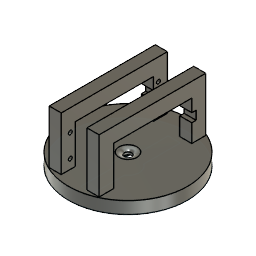
Circle (Autodesk Fusion 360 design; units mm, degrees)
Autodesk Fusion 360 part; units mm, degrees
sketch "Sketch1" plane through (0, 0, 0) normal (0, 0, 1) x (1, 0, 0)
  circle A0 centre (0, 0) radius 31.115
  dimension "d1" = 62.23
  constraint coincident A0.centre origin
  measures "d1" diameter of A0
extrude "Extrude1" add sketch "Sketch1" along normal blind 7.62 contours A0 picked at (8.859186, 0.873231) makes body 1
sketch "Sketch2" plane through (0, 0, 7.62) normal (0, 0, 1) x (-1, 0, 0)
  circle A0 centre (0, 0) radius 31.115
  circle A1 centre (0, 0) radius 1.905
  dimension "d4" = 3.81
  constraint coincident A0.centre A1.centre
  measures "d4" diameter of A1
extrude "Extrude2" cut sketch "Sketch2" against normal blind 27.94 contours A1 picked at (-0.336742, 0.293155) bodies 1
extrude "Extrude3" cut 1 faces at (21.255398, -1.640459, 7.62) along direction (0, 0, -1) blind 1.27 on bodies 1 bodies 1
sketch "Sketch3" plane through (0, 0, 6.35) normal (0, 0, 1) x (-1, 0, 0)
  circle A0 centre (0, 0) radius 1.905
  circle A1 centre (0, 0) radius 31.115
  line L0 (3.173876, -26.67) -> (-3.176124, -26.67)
  line L1 (3.173876, -26.67) -> (3.173876, 24.13)
  line L2 (-3.176124, -26.67) -> (-3.176124, 21.675024)
  line L3 (3.173876, 24.13) -> (-3.176124, 24.13)
  line L4 (-3.176124, 24.13) -> (-3.176124, 21.675024)
  dimension "d9" = 50.8
  constraint horizontal L0
  constraint perpendicular L0 L1
  constraint perpendicular L0 L2
  constraint perpendicular L2 L3
  constraint perpendicular L3 L4
extrude "Extrude4" cut sketch "Sketch3" against normal blind 5.08 contours L0 L1 L2 L3 L4 picked at (-0.048203, -18.413224) bodies 1
sketch "Sketch4" plane through (0, 0, 6.35) normal (0, 0, 1) x (-1, 0, 0)
  line L0 (-3.176124, 24.13) -> (3.173876, 24.13)
  line L1 (3.173876, 24.13) -> (3.173876, -26.67)
  line L2 (3.173876, -26.67) -> (-3.176124, -26.67)
  line L3 (-3.176124, -26.67) -> (-3.176124, 24.13)
  circle A0 centre (0, 0) radius 31.115
  circle A1 centre (0, 0) radius 5.08
  constraint coincident A0.centre A1.centre
extrude "Extrude5" cut sketch "Sketch4" against normal blind 5.08 contours L3 A1 | L1 A1 picked at (-4.180187, 0) picked at (3.3588, -1.150052) bodies 1
extrude "Extrude6" cut 1 faces at (-3.173876, -10.687649, 4.656667) along direction (-1, 0, 0) blind 2.54 on bodies 1 bodies 1
extrude "Extrude7" cut 1 faces at (-3.173876, 11.534316, 2.963333) along direction (-1, 0, 0) blind 2.54 on bodies 1 bodies 1
extrude "Extrude8" cut 1 faces at (3.176124, 19.101558, 4.656667) along direction (1, 0, 0) blind 2.54 on bodies 1 bodies 1
extrude "Extrude9" cut 1 faces at (3.176124, -17.408225, 4.656667) along direction (1, 0, 0) blind 2.54 on bodies 1 bodies 1
sketch "Sketch5" plane through (0, 0, 6.35) normal (0, 0, 1) x (-1, 0, 0)
  circle A0 centre (0, 0) radius 31.115
  line L0 (-3.176124, 3.964673) -> (-5.716124, 3.964673)
  line L1 (-5.716124, 3.964673) -> (-5.716124, 24.13)
  line L2 (-5.716124, 24.13) -> (5.713876, 24.13)
  line L3 (5.713876, 24.13) -> (5.713876, 3.966474)
  line L4 (5.713876, 3.966474) -> (3.173876, 3.966474)
  arc A1 (3.173876, -3.966474) -> (3.173876, 3.966474) centre (0, 0) ccw
  line L5 (3.173876, -3.966474) -> (5.713876, -3.966474)
  line L6 (5.713876, -3.966474) -> (5.713876, -26.67)
  line L7 (5.713876, -26.67) -> (-5.716124, -26.67)
  line L8 (-5.716124, -26.67) -> (-5.716124, -3.964673)
  line L9 (-5.716124, -3.964673) -> (-3.176124, -3.964673)
  arc A2 (-3.176124, 3.964673) -> (-3.176124, -3.964673) centre (0, 0) ccw
  circle A3 centre (0, 0) radius 7.62
  constraint coincident A0.centre A1.centre
extrude "Extrude10" cut sketch "Sketch5" against normal blind 5.08 contours L0 L1 L8 L9 A2 A3 | L3 L4 A1 L5 L6 A3 picked at (-5.736875, 3.121518) picked at (5.735631, -3.123168) bodies 1
extrude "Extrude11" add 1 faces at (1.906124, 26.67, 2.963333) along direction (0, -1, 0) blind 2.54 on bodies 1 bodies 1
extrude "Extrude12" add 1 faces at (-1.903876, -24.13, 2.963333) along direction (0, 1, 0) blind 2.54 on bodies 1 bodies 1
move_body "Move1" bodies 1 to x (-1, 0, 0) y (0, 1, 0) z (0, 0, -1) at (24.534657, 0, 12.7)
extrude "Extrude13" add 1 faces at (30.248533, -10.557621, 8.043333) along direction (-1, 0, 0) blind 0.127 on bodies 1 bodies 1
extrude "Extrude14" add 1 faces at (30.248533, 17.767144, 8.043333) along direction (-1, 0, 0) blind 0.127 on bodies 1 bodies 1
extrude "Extrude15" add 1 faces at (18.818533, 11.402588, 9.736666) along direction (1, 0, 0) blind 0.127 on bodies 1 bodies 1
extrude "Extrude16" add 1 faces at (18.818533, -16.072961, 9.736666) along direction (1, 0, 0) blind 0.127 on bodies 1 bodies 1
sketch "Sketch6" plane through (0, 0, 0) normal (1, 0, 0) x (0, 1, 0)
sketch "Sketch7" plane through (0, 0, 0) normal (1, 0, 0) x (0, 1, 0)
move_body "Move2" bodies 1 to x (1, 0, 0) y (0, 1, 0) z (0, 0, 1) at (-20.32, 0, -7.62)
sketch "Sketch9" plane through (0, 0, 0) normal (0, 1, 0) x (1, 0, 0)
sketch "Sketch10" plane through (0, 0, 0) normal (0, 1, 0) x (1, 0, 0)
sketch "Sketch11" plane through (0, 0, 0) normal (0, 1, 0) x (1, 0, 0)
sketch "Sketch12" plane through (0, 0, 0) normal (0, 1, 0) x (1, 0, 0)
  line L0 (0, -38.100001) -> (40.894, -38.100001)
  line L1 (40.894, -38.100001) -> (40.894, -17.526001)
  line L2 (40.894, -17.526001) -> (0, -17.526001)
  line L3 (0, -17.526001) -> (0, -38.100001)
  circle A0 centre (20.447, -27.813001) radius 27.94
  dimension "d39" = 40.894
  dimension "d40" = 20.574
  dimension "d41" = 55.88
  constraint horizontal L0
  constraint vertical L1
  constraint horizontal L2
  constraint vertical L3
  measures "d41" diameter of A0
move_body "Move3" bodies 1 to x (1, 0, 0) y (0, 1, 0) z (0, 0, 1) at (-55.88, 0, 0)
sketch "Sketch13" plane through (0, 0, 0) normal (1, 0, 0) x (0, 1, 0)
sketch "Sketch14" plane through (0, 0, 0) normal (1, 0, 0) x (0, 1, 0)
sketch "Sketch15" plane through (0, 0, 0) normal (1, 0, 0) x (0, 1, 0)
  line L0 (127.000004, 38.100001) -> (167.894004, 38.100001)
  line L1 (167.894004, 38.100001) -> (167.894004, 17.526001)
  line L2 (167.894004, 17.526001) -> (127.000004, 17.526001)
  line L3 (127.000004, 17.526001) -> (127.000004, 38.100001)
  circle A0 centre (147.447004, 27.813001) radius 27.94
  dimension "d44" = 40.894
  dimension "d45" = 20.574
  dimension "d46" = 55.88
  constraint horizontal L0
  constraint vertical L1
  constraint horizontal L2
  constraint vertical L3
  measures "d46" diameter of A0
sketch "Sketch16" plane through (0, 0, 0) normal (1, 0, 0) x (0, 1, 0)
sketch "Sketch17" plane through (0, 0, 0) normal (1, 0, 0) x (0, 1, 0)
  line L0 (76.200002, 50.800002) -> (117.094002, 50.800002)
  line L1 (117.094002, 50.800002) -> (117.094002, 30.226002)
  line L2 (117.094002, 30.226002) -> (76.200002, 30.226002)
  line L3 (76.200002, 30.226002) -> (76.200002, 50.800002)
  line L4 (96.647002, 40.513002) -> (68.580002, 40.513002)
  line L5 (68.580002, 40.513002) -> (68.580002, 58.420002)
  line L6 (68.580002, 58.420002) -> (96.647002, 58.420002)
  line L7 (96.647002, 58.420002) -> (96.647002, 40.513002)
  line L8 (96.647002, 40.513002) -> (124.460004, 40.513002)
  line L9 (124.460004, 40.513002) -> (124.460004, 22.860001)
  line L10 (124.460004, 22.860001) -> (96.647002, 22.860001)
  line L11 (96.647002, 22.860001) -> (96.647002, 40.513002)
  line L12 (68.580002, 58.420002) -> (124.460004, 58.420002)
  line L13 (124.460004, 58.420002) -> (124.460004, 22.860001)
  line L14 (124.460004, 22.860001) -> (68.580002, 22.860001)
  line L15 (68.580002, 22.860001) -> (68.580002, 58.420002)
  dimension "d53" = 40.894
  dimension "d54" = 20.574
  constraint horizontal L0
  constraint vertical L1
  constraint horizontal L2
  constraint vertical L3
  constraint horizontal L4
  constraint vertical L5
  constraint horizontal L6
  constraint vertical L7
  constraint horizontal L8
  constraint vertical L9
  constraint horizontal L10
  constraint vertical L11
  constraint horizontal L12
  constraint vertical L13
  constraint horizontal L14
  constraint vertical L15
extrude "Extrude21" add sketch "Sketch17" against normal blind 7.62 separate body contours L0 L3 L4 L5 L6 L7 L12 L15 | L0 L1 L7 L8 L12 L13 | L2 L3 L4 L11 L14 L15 | L1 L2 L8 L9 L10 L11 L13 L14 picked at (80.475669, 55.880002) picked at (112.73367, 55.880002) picked at (80.475669, 25.315334) picked at (112.73367, 25.315334) makes body 2
extrude "Extrude22" cut 1 faces at (0, 80.475669, 55.880002) along direction (-1, 0, 0) blind 2.54 on bodies 2 bodies 2
move_body "Move22" bodies 2 to x (1, 0, 0) y (0, 1, 0) z (0, 0, 1) at (-38.1, -96.52, -22.86)
move_body "Move23" bodies 2 to x (1, 0, 0) y (0, 1, 0) z (0, 0, 1) at (0, 0, -2.54)
move_body "Move24" bodies 2 to x (1, 0, 0) y (0, 1, 0) z (0, 0, 1) at (0, 0, 1.27)
sketch "Sketch18" plane through (0, 0, 0) normal (0, 0, 1) x (1, 0, 0)
move_body "Move25" bodies 2 to x (1, 0, 0) y (0, 1, 0) z (0, 0, 1) at (2.54, 0, 0)
move_body "Move26" bodies 2 to x (1, 0, 0) y (0, 1, 0) z (0, 0, 1) at (0, 0, 1.27)
move_body "Move27" bodies 2 to x (1, 0, 0) y (0, 1, 0) z (0, 0, 1) at (-1.27, 0, 0)
move_body "Move28" bodies 2 to x (1, 0, 0) y (0, 1, 0) z (0, 0, 1) at (0.508, 0, 0)
move_body "Move29" bodies 2 to x (1, 0, 0) y (0, 1, 0) z (0, 0, 1) at (0, 0, -1.27)
move_body "Move30" bodies 2 to x (1, 0, 0) y (0, 1, 0) z (0, 0, 1) at (0, 0, -1.016)
extrude "Extrude23" cut 1 faces at (-40.555333, 9.313337, -2.285999) along direction (0, 0, 1) blind 2.54 on bodies 2 bodies 1 2
extrude "Extrude24" add 1 faces at (-43.942, 9.313337, -0.762) along direction (1, 0, 0) blind 5.08 on bodies 1 bodies 1 2
sketch "Sketch19" plane through (0, 0, 0) normal (1, 0, 0) x (0, 1, 0)
  line L0 (50.800002, 25.400001) -> (91.694002, 25.400001)
  line L1 (91.694002, 25.400001) -> (91.694002, 4.826001)
  line L2 (91.694002, 4.826001) -> (50.800002, 4.826001)
  line L3 (50.800002, 4.826001) -> (50.800002, 25.400001)
  line L4 (50.800002, 21.590001) -> (43.434002, 21.590001)
  line L5 (57.150002, 25.400001) -> (57.150002, 33.020001)
  line L6 (57.150002, 33.020001) -> (43.434002, 33.020001)
  line L7 (43.180001, 23.50981) -> (43.180001, 22.860001)
  line L8 (43.434002, 21.590001) -> (43.434002, 33.020001)
  line L9 (91.694002, 4.826001) -> (99.06, 4.826001)
  line L10 (91.694002, 25.400001) -> (91.694002, 33.020001)
  line L11 (91.694002, 20.027669) -> (99.060002, 20.027669)
  line L12 (91.694002, 33.020001) -> (99.060003, 33.020001)
  line L13 (99.060003, 33.020001) -> (99.060002, 20.027669)
  line L14 (43.434002, 33.020001) -> (99.06, 33.020001)
  line L15 (99.06, 33.020001) -> (99.06, 4.826001)
  line L16 (99.06, 4.826001) -> (43.434002, 4.826001)
  line L17 (43.434002, 4.826001) -> (43.434002, 33.020001)
  dimension "d63" = 40.894
  dimension "d64" = 20.574
  dimension "d65" = 7.366
  dimension "d66" = 7.62
  dimension "d67" = 7.62
  dimension "d68" = 7.366
  constraint horizontal L0
  constraint vertical L1
  constraint horizontal L2
  constraint vertical L3
  constraint perpendicular L3 L4
  constraint perpendicular L0 L5
  constraint perpendicular L5 L6
  constraint perpendicular L4 L7
  constraint perpendicular L6 L8
  constraint perpendicular L1 L9
  constraint perpendicular L0 L10
  constraint perpendicular L1 L11
  constraint perpendicular L10 L12
  constraint horizontal L14
  constraint vertical L15
  constraint horizontal L16
  constraint vertical L17
extrude "Extrude25" add sketch "Sketch19" against normal blind 2.54 separate body contours L0 L3 L4 L5 L6 L8 L14 L17 | L0 L5 L10 L14 | L3 L4 L16 L17 | L1 L10 L11 L12 L13 L14 L15 | L1 L9 L11 L15 L16 picked at (50.461335, 30.480001) picked at (68.664668, 30.480001) picked at (45.889335, 10.414001) picked at (96.604669, 26.149223) picked at (96.604668, 14.960446) makes body 3
extrude "Extrude26" add 1 faces at (0, 80.179335, 27.940001) along direction (1, 0, 0) blind 2.54 on bodies 3 bodies 3
move_body "Move31" bodies 3 to x (1, 0, 0) y (0, 1, 0) z (0, 0, 1) at (-63.5, -71.12, 0)
move_body "Move32" bodies 3 to x (1, 0, 0) y (0, 1, 0) z (0, 0, 1) at (2.54, 0, 0)
move_body "Move33" bodies 3 to x (1, 0, 0) y (0, 1, 0) z (0, 0, 1) at (-1.27, 0, 0)
move_body "Move34" bodies 3 to x (1, 0, 0) y (0, 1, 0) z (0, 0, 1) at (-0.508, 0, 0)
sketch "Sketch20" plane through (0, 0, 0) normal (1, 0, 0) x (0, 1, 0)
  circle A0 through (24.20431, 9.927898, -65.278) (22.68031, 10.807779, -65.278) (22.68031, 9.048016, -65.278)
  circle A1 through (-21.917009, 21.767801, -65.267431) (-23.441009, 22.647682, -65.267431) (-23.441009, 20.887919, -65.267431)
  circle A2 through (-21.9202, 9.931401, -65.2526) (-23.4442, 10.811282, -65.2526) (-23.4442, 9.051519, -65.2526)
  circle A3 through (24.2062, 21.767801, -65.278) (22.6822, 22.647682, -65.278) (22.6822, 20.887919, -65.278)
  dimension "d73" = 2.032
  dimension "d74" = 2.032
  dimension "d75" = 2.032
  dimension "d76" = 2.032
extrude "Extrude27" cut sketch "Sketch20" along normal blind 7.62 contours A0 | A3 in plane through (-65.278, 0, 0) normal (1, 0, 0) picked at (-65.278, 23.163002, 10.176766) picked at (-65.278, 22.94194, 21.537449) bodies 3
sketch "Sketch21" plane through (-65.278, 0, 0) normal (-1, 0, 0) x (0, -1, 0)
  circle A0 centre (-23.1902, 21.767801) radius 1.016
  circle A1 centre (-23.18831, 9.927898) radius 1.016
  line L0 (20.319998, 25.400001) -> (20.319998, 4.826001)
  line L1 (20.319998, 4.826001) -> (27.685998, 4.826001)
  line L2 (27.685998, 4.826001) -> (27.685998, 33.020001)
  line L3 (27.685998, 33.020001) -> (-27.94, 33.020001)
  line L4 (-27.94, 33.020001) -> (-27.94, 4.826001)
  line L5 (-27.94, 4.826001) -> (-20.574002, 4.826001)
  line L6 (-20.574002, 4.826001) -> (-20.574002, 25.400001)
  line L7 (-20.574002, 25.400001) -> (20.319998, 25.400001)
  circle A2 centre (22.936201, 21.767801) radius 1.016
  dimension "d79" = 2.032
  measures "d79" diameter of A2
sketch "Sketch22" plane through (-65.278, 0, 0) normal (-1, 0, 0) x (0, -1, 0)
extrude "Extrude28" cut sketch "Sketch21" against normal blind 10.16 contours A2 picked at (22.909209, 22.083057) bodies 3
sketch "Sketch23" plane through (-65.278, 0, 0) normal (-1, 0, 0) x (0, -1, 0)
  circle A0 centre (22.936201, 21.767801) radius 1.016
  circle A1 centre (-23.1902, 21.767801) radius 1.016
  circle A2 centre (-23.18831, 9.927898) radius 1.016
  line L0 (20.319998, 25.400001) -> (20.319998, 4.826001)
  line L1 (20.319998, 4.826001) -> (27.685998, 4.826001)
  line L2 (27.685998, 4.826001) -> (27.685998, 33.020001)
  line L3 (27.685998, 33.020001) -> (-27.94, 33.020001)
  line L4 (-27.94, 33.020001) -> (-27.94, 4.826001)
  line L5 (-27.94, 4.826001) -> (-20.574002, 4.826001)
  line L6 (-20.574002, 4.826001) -> (-20.574002, 25.400001)
  line L7 (-20.574002, 25.400001) -> (20.319998, 25.400001)
  circle A3 centre (22.934741, 9.940172) radius 1.016
  dimension "d82" = 2.032
  measures "d82" diameter of A3
extrude "Extrude29" cut sketch "Sketch23" against normal blind 8.89 contours A3 picked at (23.476333, 9.720291) bodies 3
sketch "Sketch24" plane through (-65.278, 0, 0) normal (-1, 0, 0) x (0, -1, 0)
  circle A0 centre (22.934741, 9.940172) radius 1.016
  circle A1 centre (22.936201, 21.767801) radius 1.016
  circle A2 centre (-23.1902, 21.767801) radius 1.016
  circle A3 centre (-23.18831, 9.927898) radius 1.016
  line L0 (20.319998, 25.400001) -> (20.319998, 4.826001)
  line L1 (20.319998, 4.826001) -> (27.685998, 4.826001)
  line L2 (27.685998, 4.826001) -> (27.685998, 33.020001)
  line L3 (27.685998, 33.020001) -> (-27.94, 33.020001)
  line L4 (-27.94, 33.020001) -> (-27.94, 4.826001)
  line L5 (-27.94, 4.826001) -> (-20.574002, 4.826001)
  line L6 (-20.574002, 4.826001) -> (-20.574002, 25.400001)
  line L7 (-20.574002, 25.400001) -> (20.319998, 25.400001)
  line L8 (-20.574, 19.05) -> (-22.86, 19.05)
  line L9 (-22.86, 19.05) -> (-22.86, 14.478)
  line L10 (-22.86, 14.478) -> (-20.574002, 14.478)
  constraint coincident L6 L8.start
  constraint perpendicular L6 L8
  constraint perpendicular L8 L9
  constraint perpendicular L6 L10
extrude "Extrude30" cut sketch "Sketch24" against normal blind 5.08 contours L6 L8 L9 L10 picked at (-22.098, 17.526) bodies 3
sketch "Sketch25" plane through (-43.942, 0, 0) normal (-1, 0, 0) x (0, -1, 0)
  line L0 (20.319998, 5.080002) -> (27.939998, 5.08)
  line L1 (27.939998, 5.08) -> (27.939998, 33.274002)
  line L2 (27.939998, 33.274002) -> (-27.940004, 33.274002)
  line L3 (-27.940004, 33.274002) -> (-27.940004, 5.08)
  line L4 (-27.940004, 5.08) -> (-20.574002, 5.080002)
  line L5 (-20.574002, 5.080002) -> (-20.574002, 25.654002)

□ □ □ □ □

◆ PROBLEM DETAILS
Exact duplication is required for the lines above, from the line that contains "line L3 (3.173876, 24.13)" to the line that contains "line L5 (3.173876, -3.966474)", inclusive; omit all others.

◆ OUTPUT OF THE TASK
  line L3 (3.173876, 24.13) -> (-3.176124, 24.13)
  line L4 (-3.176124, 24.13) -> (-3.176124, 21.675024)
  dimension "d9" = 50.8
  constraint horizontal L0
  constraint perpendicular L0 L1
  constraint perpendicular L0 L2
  constraint perpendicular L2 L3
  constraint perpendicular L3 L4
extrude "Extrude4" cut sketch "Sketch3" against normal blind 5.08 contours L0 L1 L2 L3 L4 picked at (-0.048203, -18.413224) bodies 1
sketch "Sketch4" plane through (0, 0, 6.35) normal (0, 0, 1) x (-1, 0, 0)
  line L0 (-3.176124, 24.13) -> (3.173876, 24.13)
  line L1 (3.173876, 24.13) -> (3.173876, -26.67)
  line L2 (3.173876, -26.67) -> (-3.176124, -26.67)
  line L3 (-3.176124, -26.67) -> (-3.176124, 24.13)
  circle A0 centre (0, 0) radius 31.115
  circle A1 centre (0, 0) radius 5.08
  constraint coincident A0.centre A1.centre
extrude "Extrude5" cut sketch "Sketch4" against normal blind 5.08 contours L3 A1 | L1 A1 picked at (-4.180187, 0) picked at (3.3588, -1.150052) bodies 1
extrude "Extrude6" cut 1 faces at (-3.173876, -10.687649, 4.656667) along direction (-1, 0, 0) blind 2.54 on bodies 1 bodies 1
extrude "Extrude7" cut 1 faces at (-3.173876, 11.534316, 2.963333) along direction (-1, 0, 0) blind 2.54 on bodies 1 bodies 1
extrude "Extrude8" cut 1 faces at (3.176124, 19.101558, 4.656667) along direction (1, 0, 0) blind 2.54 on bodies 1 bodies 1
extrude "Extrude9" cut 1 faces at (3.176124, -17.408225, 4.656667) along direction (1, 0, 0) blind 2.54 on bodies 1 bodies 1
sketch "Sketch5" plane through (0, 0, 6.35) normal (0, 0, 1) x (-1, 0, 0)
  circle A0 centre (0, 0) radius 31.115
  line L0 (-3.176124, 3.964673) -> (-5.716124, 3.964673)
  line L1 (-5.716124, 3.964673) -> (-5.716124, 24.13)
  line L2 (-5.716124, 24.13) -> (5.713876, 24.13)
  line L3 (5.713876, 24.13) -> (5.713876, 3.966474)
  line L4 (5.713876, 3.966474) -> (3.173876, 3.966474)
  arc A1 (3.173876, -3.966474) -> (3.173876, 3.966474) centre (0, 0) ccw
  line L5 (3.173876, -3.966474) -> (5.713876, -3.966474)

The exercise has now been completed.